I have heard that raw feeding has helped many even with inhallant allergies. For me, Niko is still itchy, so I give him a bath with Douxo Chlorehexidine shampoo and will probably give Eqyss Microtek another try. Douxo is pricey. I even purchased a metro hair dryer to dry him a bit during the winter months since bathing is a must. 

I'm sure being pregnant and trying to deal with all you have going on is tough! I'm not pregnant and feel like I'm insane at times too.. yelling at him to stop scratching and biting. Then I feel bad too... Niko is a great dog and just ended up with bad luck.  He did not come from a shelter (my other boy did tho)... even high line breeder dogs can have many medical issues. My shelter dog Whiskey has been very healthy... he could probably eat tin cans and be fine. LOL 

Do you use salmon oil or anything for fatty acids? What kind of food are you feeding? We did Science Diet ZD for quite awhile and it didn't help... that cost me about $200 a month for one dog. The best ear wash/cleaner I have found is the blue power ear treatment - you can make this one yourself or buy it as K9 Liquid Health Ear Solution. I buy it since I'm too lazy to make it or look for the ingredients. LOL I have enough ear cleaner products to probably start selling them... (even the pricey vet ones). This one has really worked the best for us. I have also read that the mouthwash Listerine can help with itchy spots... must be the gold one.

I've also been to a couple of vet's in NH... one in Exeter and the other in Lee, NH. 

So... from one allergy mom to another. You are not alone. 

Tanja


----------



## abooot99 (Oct 23, 2006)

DHau said:


> Amanda, I am in the same situation. Tried the same meds as you, but came to the conclusion maybe we should try and live with it because the meds can make things worse. Unfortunately, we end up with staph and ear infections if we aren't dilligent with the benedryl.
> 
> I noticed that our dog was fine with the allergies all summer but when October came around, it became worse. What's blooming in October/November? lol.
> 
> All we can do is make the dog as comfy as long as they are in our care.


Come to think of it, my dog was also fine all summer and then like you said, Oct/November hit and he is an itch factory again. I used to give benedryl like candy but found it made him even more hyperactive and nuts. Didn't see the therapeutic effect either. 
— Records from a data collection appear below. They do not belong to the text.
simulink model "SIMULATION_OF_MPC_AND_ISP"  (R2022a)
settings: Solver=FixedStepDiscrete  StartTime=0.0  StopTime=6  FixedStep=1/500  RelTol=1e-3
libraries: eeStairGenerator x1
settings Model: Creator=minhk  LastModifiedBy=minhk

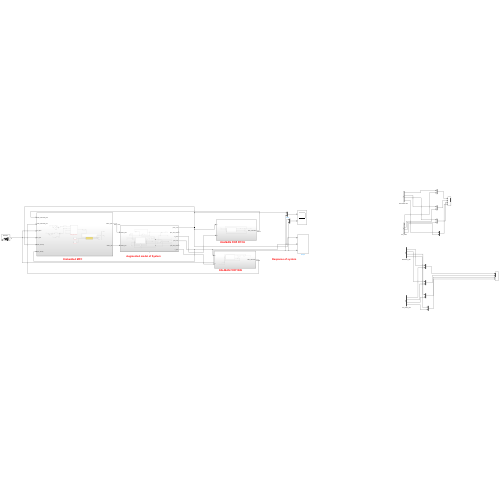
[thumbnail: Simulink's stored preview of the top-level diagram]
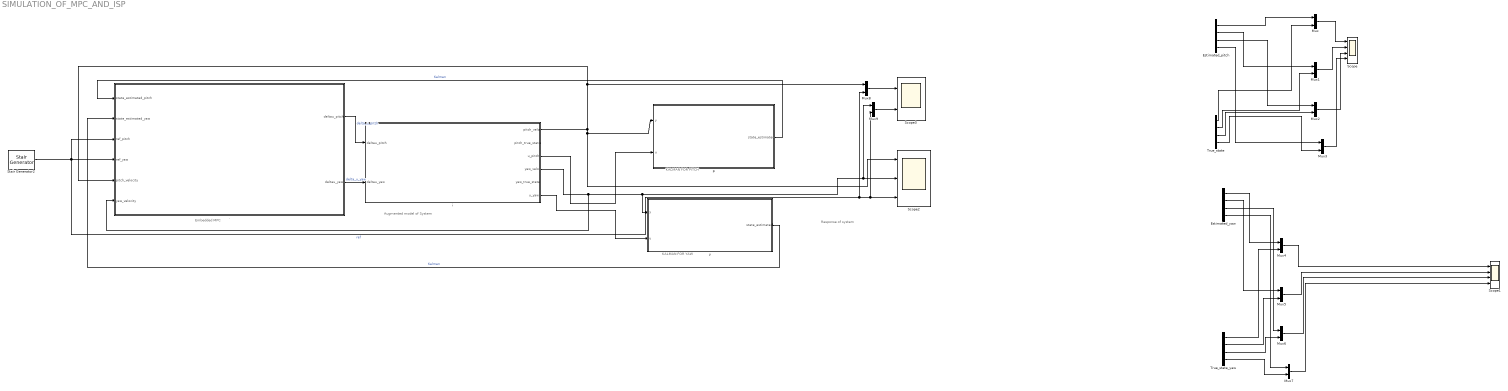
== system SIMULATION_OF_MPC_AND_ISP ==
  note: KALMAN FOR PITCH
  note: Embedded MPC
  note: Augmented model of System
  note: KALMAN FOR YAW
  note: Response of system
  . : Subsystem
  Estimated_pitch : Demux
  Estimated_yaw : Demux
  Mux{,1..9} (10 alike) : Mux  Inputs=2
  Scope : Scope  NumInputPorts=4
  Scope1 : Scope  NumInputPorts=4
  Scope2 : Scope  NumInputPorts=3
  Scope3 : Scope  NumInputPorts=2
  Stair Generator2 : eeStairGenerator/Stair Generator  LabelModeActiveChoice=Discrete  TimeInput=[1 2 3 4 5 6]  AmplitudeInput=[0 1 -1 1 -2 3]  SampleTime=1/500  RepeatPattern=off  OutDataTypeStr=double
      settings: SourceProductBaseCode=PS
  True_state : Demux
  True_state_yaw : Demux
  i : Subsystem
  p : Subsystem
  y : Subsystem
  wires:
  ./1(deltau_pitch) -> i/1(deltau_pitch)  "delta_u_pitch"
  ./2(deltau_yaw) -> i/2(deltau_yaw)  "delta_u_yaw"
  i/1(pitch_velo) -> p/1(y), Scope2/1, Mux8/1, ./5(pitch_velocity)
  i/3(u_pitch) -> p/2(u)
  Stair Generator2/1 -> ./3(ref_pitch), Mux8/2, Mux9/2, Scope2/3, ./4(ref_yaw)  "ref"
  Estimated_pitch/2 -> Mux1/1
  Estimated_pitch/3 -> Mux2/1
  Estimated_pitch/4 -> Mux3/1
  True_state/4 -> Mux3/2
  True_state/2 -> Mux1/2
  True_state/3 -> Mux2/2
  Estimated_pitch/1 -> Mux/1
  True_state/1 -> Mux/2
  Mux/1 -> Scope/1
  Mux1/1 -> Scope/2
  Mux2/1 -> Scope/3
  Mux3/1 -> Scope/4
  True_state_yaw/2 -> Mux5/2
  Mux7/1 -> Scope1/4
  True_state_yaw/3 -> Mux6/2
  True_state_yaw/4 -> Mux7/2
  Mux5/1 -> Scope1/2
  Mux6/1 -> Scope1/3
  Estimated_yaw/3 -> Mux6/1
  Estimated_yaw/2 -> Mux5/1
  Estimated_yaw/1 -> Mux4/1
  i/6(u_yaw) -> y/2(u)
  i/4(yaw_velo) -> Scope2/2, Mux9/1, y/1(y), ./6(yaw_velocity)
  Estimated_yaw/4 -> Mux7/1
  Mux4/1 -> Scope1/1
  True_state_yaw/1 -> Mux4/2
  p/1(state_estimated) -> ./1(state_estimated_pitch)  "Kalman"
  y/1(state_estimated) -> ./2(state_estimated_yaw)  "Kalman"
  Mux8/1 -> Scope3/1
  Mux9/1 -> Scope3/2

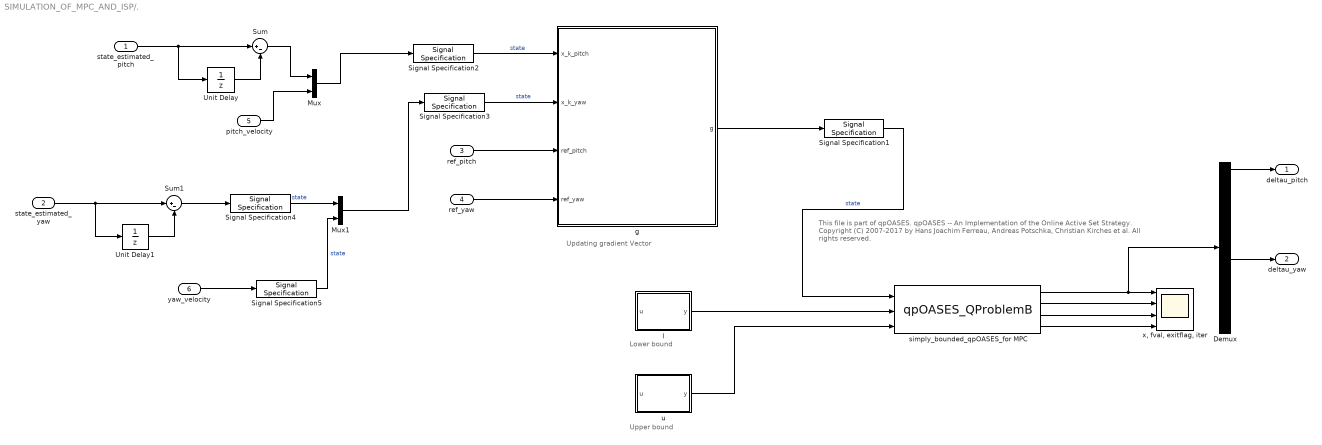
== system SIMULATION_OF_MPC_AND_ISP/. ==
  note: Lower bound
  note: This file is part of qpOASES.
      |
      | qpOASES -- An Implementation of the Online Active Set Strategy.
      | Copyright (C) 2007-2017 by Hans Joachim Ferreau, Andreas Potschka, Christian Kirches et al.
      | All rights reserved.
  note: Upper bound
  note: Updating gradient Vector
  state_estimated_pitch : Inport
  state_estimated_yaw : Inport  Port=2
  ref_pitch : Inport  Port=3
  ref_yaw : Inport  Port=4
  pitch_velocity : Inport  Port=5
  yaw_velocity : Inport  Port=6
  Demux : Demux  Outputs=8
  Mux : Mux  Inputs=2
  Mux1 : Mux  Inputs=2
  Signal Specification1 : SignalSpecification  Dimensions=8  SampleTime=1/500
  Signal Specification2 : SignalSpecification  Dimensions=5  SampleTime=1/500
  Signal Specification3 : SignalSpecification  Dimensions=5  SampleTime=1/500
  Signal Specification4 : SignalSpecification  Dimensions=4  SampleTime=1/500
  Signal Specification5 : SignalSpecification  Dimensions=1  SampleTime=1/500
  Sum : Sum  Inputs=|+-
  Sum1 : Sum  Inputs=|+-
  Unit Delay : UnitDelay  SampleTime=-1  HasFrameUpgradeWarning=on
  Unit Delay1 : UnitDelay  SampleTime=-1  HasFrameUpgradeWarning=on
  g : MATLAB Function  TreatAsAtomicUnit=on
  l : MATLAB Function  TreatAsAtomicUnit=on
  simply_bounded_qpOASES_for MPC : S-Function  FunctionName=qpOASES_QProblemB  Parameters=H_pitch_yaw  SFunctionDeploymentMode=off  EnableBusSupport=off
  u : MATLAB Function  TreatAsAtomicUnit=on
  "x, fval, exitflag, iter" : Scope  NumInputPorts=4
  deltau_pitch : Outport
  deltau_yaw : Outport  Port=2
  wires:
  simply_bounded_qpOASES_for MPC/4 -> "x, fval, exitflag, iter"/4
  simply_bounded_qpOASES_for MPC/3 -> "x, fval, exitflag, iter"/3
  u/1(y) -> simply_bounded_qpOASES_for MPC/3
  simply_bounded_qpOASES_for MPC/1 -> Demux/1, "x, fval, exitflag, iter"/1
  simply_bounded_qpOASES_for MPC/2 -> "x, fval, exitflag, iter"/2
  l/1(y) -> simply_bounded_qpOASES_for MPC/2
  g/1(g) -> Signal Specification1/1
  state_estimated_pitch/1 -> Sum/1, Unit Delay/1
  Demux/1 -> deltau_pitch/1
  Signal Specification1/1 -> simply_bounded_qpOASES_for MPC/1  "state"
  Demux/5 -> deltau_yaw/1
  ref_yaw/1 -> g/4(ref_yaw)
  ref_pitch/1 -> g/3(ref_pitch)
  Unit Delay/1 -> Sum/2
  Unit Delay1/1 -> Sum1/2
  state_estimated_yaw/1 -> Unit Delay1/1, Sum1/1
  Sum/1 -> Mux/1
  pitch_velocity/1 -> Mux/2
  Mux/1 -> Signal Specification2/1
  Sum1/1 -> Signal Specification4/1
  yaw_velocity/1 -> Signal Specification5/1
  Mux1/1 -> Signal Specification3/1
  Signal Specification2/1 -> g/1(x_k_pitch)  "state"
  Signal Specification3/1 -> g/2(x_k_yaw)  "state"
  Signal Specification4/1 -> Mux1/1  "state"
  Signal Specification5/1 -> Mux1/2  "state"

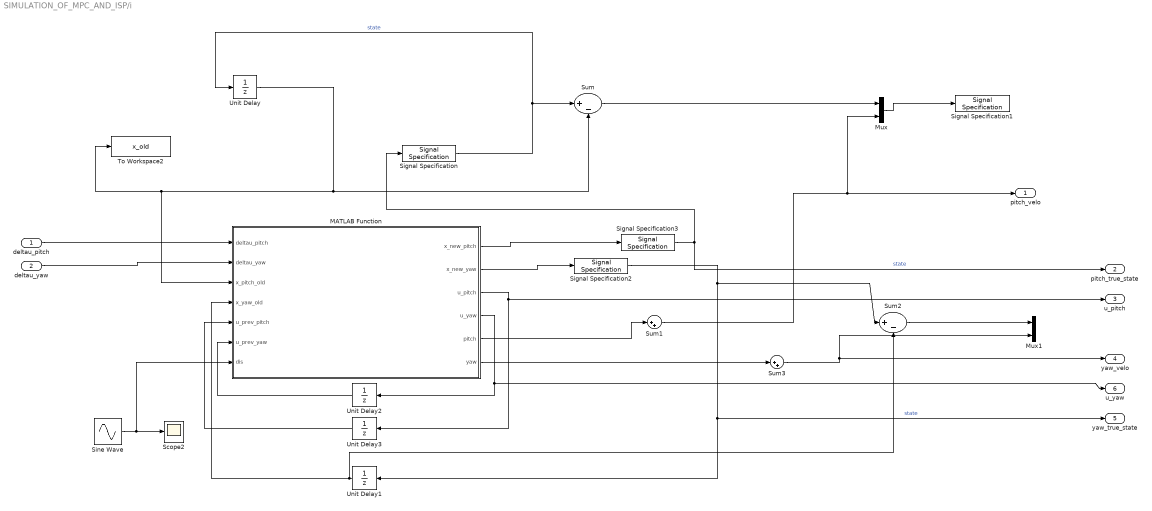
== system SIMULATION_OF_MPC_AND_ISP/i ==
  deltau_pitch : Inport
  deltau_yaw : Inport  Port=2
  MATLAB Function : MATLAB Function  TreatAsAtomicUnit=on
  Mux : Mux  Inputs=2
  Mux1 : Mux  Inputs=2
  Scope2 : Scope
  Signal Specification : SignalSpecification  Dimensions=4  SampleTime=1/500
  Signal Specification1 : SignalSpecification  Dimensions=5  SampleTime=1/500
  Signal Specification2 : SignalSpecification  Dimensions=4  SampleTime=1/500
  Signal Specification3 : SignalSpecification  Dimensions=4  SampleTime=1/500
  Sine Wave : Sin  Amplitude=2  Frequency=18  SampleTime=1/500
  Sum : Sum  Inputs=|+-
  Sum1 : Sum  Inputs=|++
  Sum2 : Sum  Inputs=|+-
  Sum3 : Sum  Inputs=|++
  To Workspace2 : ToWorkspace  VariableName=x_old  SampleTime=-1
      settings: Save2DSignal=2-D array (concatenate along first dimension)
  Unit Delay : UnitDelay  InitialCondition=[0;0;0;0]  SampleTime=1/500  HasFrameUpgradeWarning=on
  Unit Delay1 : UnitDelay  SampleTime=1/500  HasFrameUpgradeWarning=on
  Unit Delay2 : UnitDelay  SampleTime=1/500  HasFrameUpgradeWarning=on
  Unit Delay3 : UnitDelay  SampleTime=1/500  HasFrameUpgradeWarning=on
  pitch_velo : Outport
  pitch_true_state : Outport  Port=2
  u_pitch : Outport  Port=3
  yaw_velo : Outport  Port=4
  yaw_true_state : Outport  Port=5
  u_yaw : Outport  Port=6
  wires:
  Unit Delay/1 -> Sum/2, MATLAB Function/3(x_pitch_old), To Workspace2/1
  Signal Specification/1 -> Sum/1, Unit Delay/1  "state"
  Sum/1 -> Mux/1
  Mux/1 -> Signal Specification1/1
  MATLAB Function/2(x_new_yaw) -> Signal Specification2/1
  Sum2/1 -> Mux1/1
  MATLAB Function/1(x_new_pitch) -> Signal Specification3/1
  deltau_pitch/1 -> MATLAB Function/1(deltau_pitch)
  deltau_yaw/1 -> MATLAB Function/2(deltau_yaw)
  MATLAB Function/5(pitch) -> Sum1/1
  Unit Delay1/1 -> Sum2/2, MATLAB Function/4(x_yaw_old)
  MATLAB Function/6(yaw) -> Sum3/1
  MATLAB Function/4(u_yaw) -> Unit Delay2/1, u_yaw/1
  Unit Delay2/1 -> MATLAB Function/6(u_prev_yaw)
  MATLAB Function/3(u_pitch) -> u_pitch/1, Unit Delay3/1
  Unit Delay3/1 -> MATLAB Function/5(u_prev_pitch)
  Signal Specification2/1 -> yaw_true_state/1, Unit Delay1/1, Sum2/1  "state"
  Signal Specification3/1 -> pitch_true_state/1, Signal Specification/1  "state"
  Sine Wave/1 -> MATLAB Function/7(dis), Scope2/1
  Sum1/1 -> Mux/2, pitch_velo/1
  Sum3/1 -> yaw_velo/1, Mux1/2

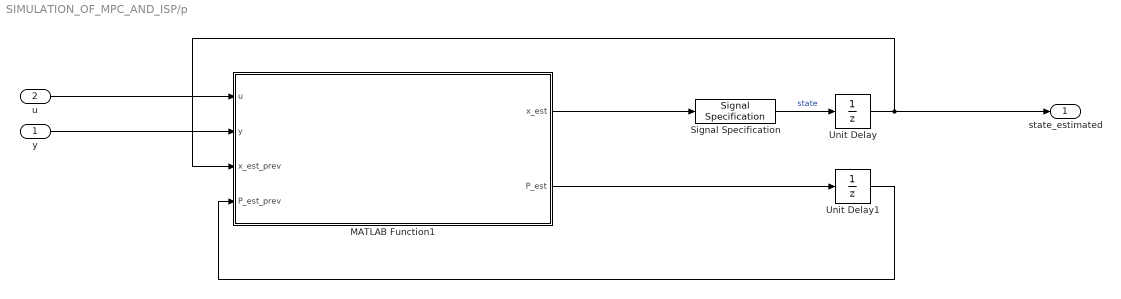
== system SIMULATION_OF_MPC_AND_ISP/p ==
  y : Inport
  u : Inport  Port=2
  MATLAB Function1 : MATLAB Function  TreatAsAtomicUnit=on
  Signal Specification : SignalSpecification  Dimensions=4  SampleTime=1/500
  Unit Delay : UnitDelay  SampleTime=-1  HasFrameUpgradeWarning=on
  Unit Delay1 : UnitDelay  SampleTime=-1  HasFrameUpgradeWarning=on
  state_estimated : Outport
  wires:
  MATLAB Function1/2(P_est) -> Unit Delay1/1
  Unit Delay1/1 -> MATLAB Function1/4(P_est_prev)
  y/1 -> MATLAB Function1/2(y)
  Unit Delay/1 -> state_estimated/1, MATLAB Function1/3(x_est_prev)
  MATLAB Function1/1(x_est) -> Signal Specification/1
  u/1 -> MATLAB Function1/1(u)
  Signal Specification/1 -> Unit Delay/1  "state"

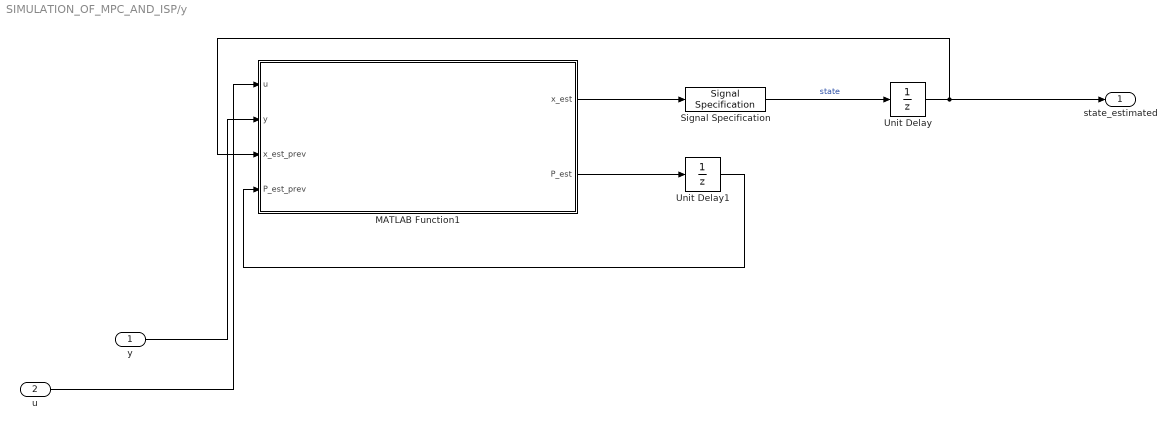
== system SIMULATION_OF_MPC_AND_ISP/y ==
  y : Inport
  u : Inport  Port=2
  MATLAB Function1 : MATLAB Function  TreatAsAtomicUnit=on
  Signal Specification : SignalSpecification  Dimensions=4  SampleTime=1/500
  Unit Delay : UnitDelay  SampleTime=-1  HasFrameUpgradeWarning=on
  Unit Delay1 : UnitDelay  SampleTime=-1  HasFrameUpgradeWarning=on
  state_estimated : Outport
  wires:
  MATLAB Function1/2(P_est) -> Unit Delay1/1
  Unit Delay1/1 -> MATLAB Function1/4(P_est_prev)
  y/1 -> MATLAB Function1/2(y)
  Unit Delay/1 -> state_estimated/1, MATLAB Function1/3(x_est_prev)
  MATLAB Function1/1(x_est) -> Signal Specification/1
  u/1 -> MATLAB Function1/1(u)
  Signal Specification/1 -> Unit Delay/1  "state"

== matlab function SIMULATION_OF_MPC_AND_ISP/y/MATLAB Function1 ==
  data: u input; x_est output; y input; P_est output; x_est_prev input; P_est_prev input
function [x_est, P_est] = kalmanFilter(u, y, x_est_prev, P_est_prev)
  A =  [0.8395358858304703     -0.04847432078257747   0.0                 0.0;
 0.0018635915154337373   0.9996816594546751   -0.5060644359497555  0.0;
 0.0                     0.01392345527731321   0.7448461065980053  0.3870783090569654;
 0.0                     0.0                  -0.4708561993095687  0.8385926646058729 ];
B = [-0.21792759566688183;
 -0.038489522945624556;
  0.011141404129424179;
 -0.034621154732298216];

H = [-0.15780307636762234  -0.04495569299225192  0.47795874838852487  0.8449536781870718];
Q = diag([1;23;23;1]);
R = 0.6;
    % Q - Process noise covariance matrix (NxN)
    % R - Measurement noise covariance matrix (MxM)
    % x_est_prev - Previous state estimate (Nx1 vector)
    % P_est_prev - Previous estimate covariance (NxN matrix)

    % Prediction Step:
    % Predicted state estimate (Nx1 vector)
    x_pred = A * x_est_prev + B * u;  % x_pred is Nx1
    
    % Predicted covariance estimate (NxN matrix)
    P_pred = A * P_est_prev * A' + Q; % P_pred is NxN

    % Update Step:
    % Kalman Gain (NxM matrix)
    K = P_pred * H' / (H * P_pred * H' + R);  % K is NxM
    
    % Measurement prediction (Mx1 vector)
    y_pred = H * x_pred;  % y_pred is Mx1
    
    % Measurement residual (Mx1 vector)
    y_residual = y - y_pred;  % y_residual is Mx1

    % Updated state estimate (Nx1 vector)
    x_est = x_pred + K * y_residual;  % x_est is Nx1
    
    % Updated covariance estimate (NxN matrix)
    P_est = (eye(size(K,1)) - K * H) * P_pred;  % P_est is NxN

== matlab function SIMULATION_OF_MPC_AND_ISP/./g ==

As far as his management goes, I feel like I have done the absolute most for him I can and can't see to doing more testing. Just get through these periods of unusual itchy months and try to deal...
I used to feed him a raw diet but it got to be too complicated as he was a fussy eater and things would go bad and waste my $, not to mention create even more work for me to manage him. Thanks for everyone's support as always. I was really not searching for the cure but just to carry on a bit. No one seems to understand when I talk to the general public about these issues. I get alot of blank stares and the awsome response "its just a dog" line which pisses me off to high heavens.
Anyways, thanks again. 

I feel for anyone with dogs with skin issues. Its not just the dog suffering...


----------



## abooot99 (Oct 23, 2006)

Fluffypants said:


> Hi Amanda,
> 
> I've done it all too, but over $10k - Niko is 8. LOL - Have to laugh at times since it does become so overwhelming when nothing seems to work. The money I've spent and am still just managing Niko can be depressing! I thought i was the only looney one here. We have much in common.
> 
> ...


 Thanks alot


----------



## Fluffypants (Aug 31, 2003)

No... I'm just as looney... at least some of my friends think so for all I do for my dog. He is my child.  Yes, we do have a lot in common and there are many other allergy parents on this board... we are all struggling to manage something that our own vets can't manage. I really feel the dog owners know more than the vets... no disrespect to the vets here, but they are not dealing with this daily. I love my vet... he is great!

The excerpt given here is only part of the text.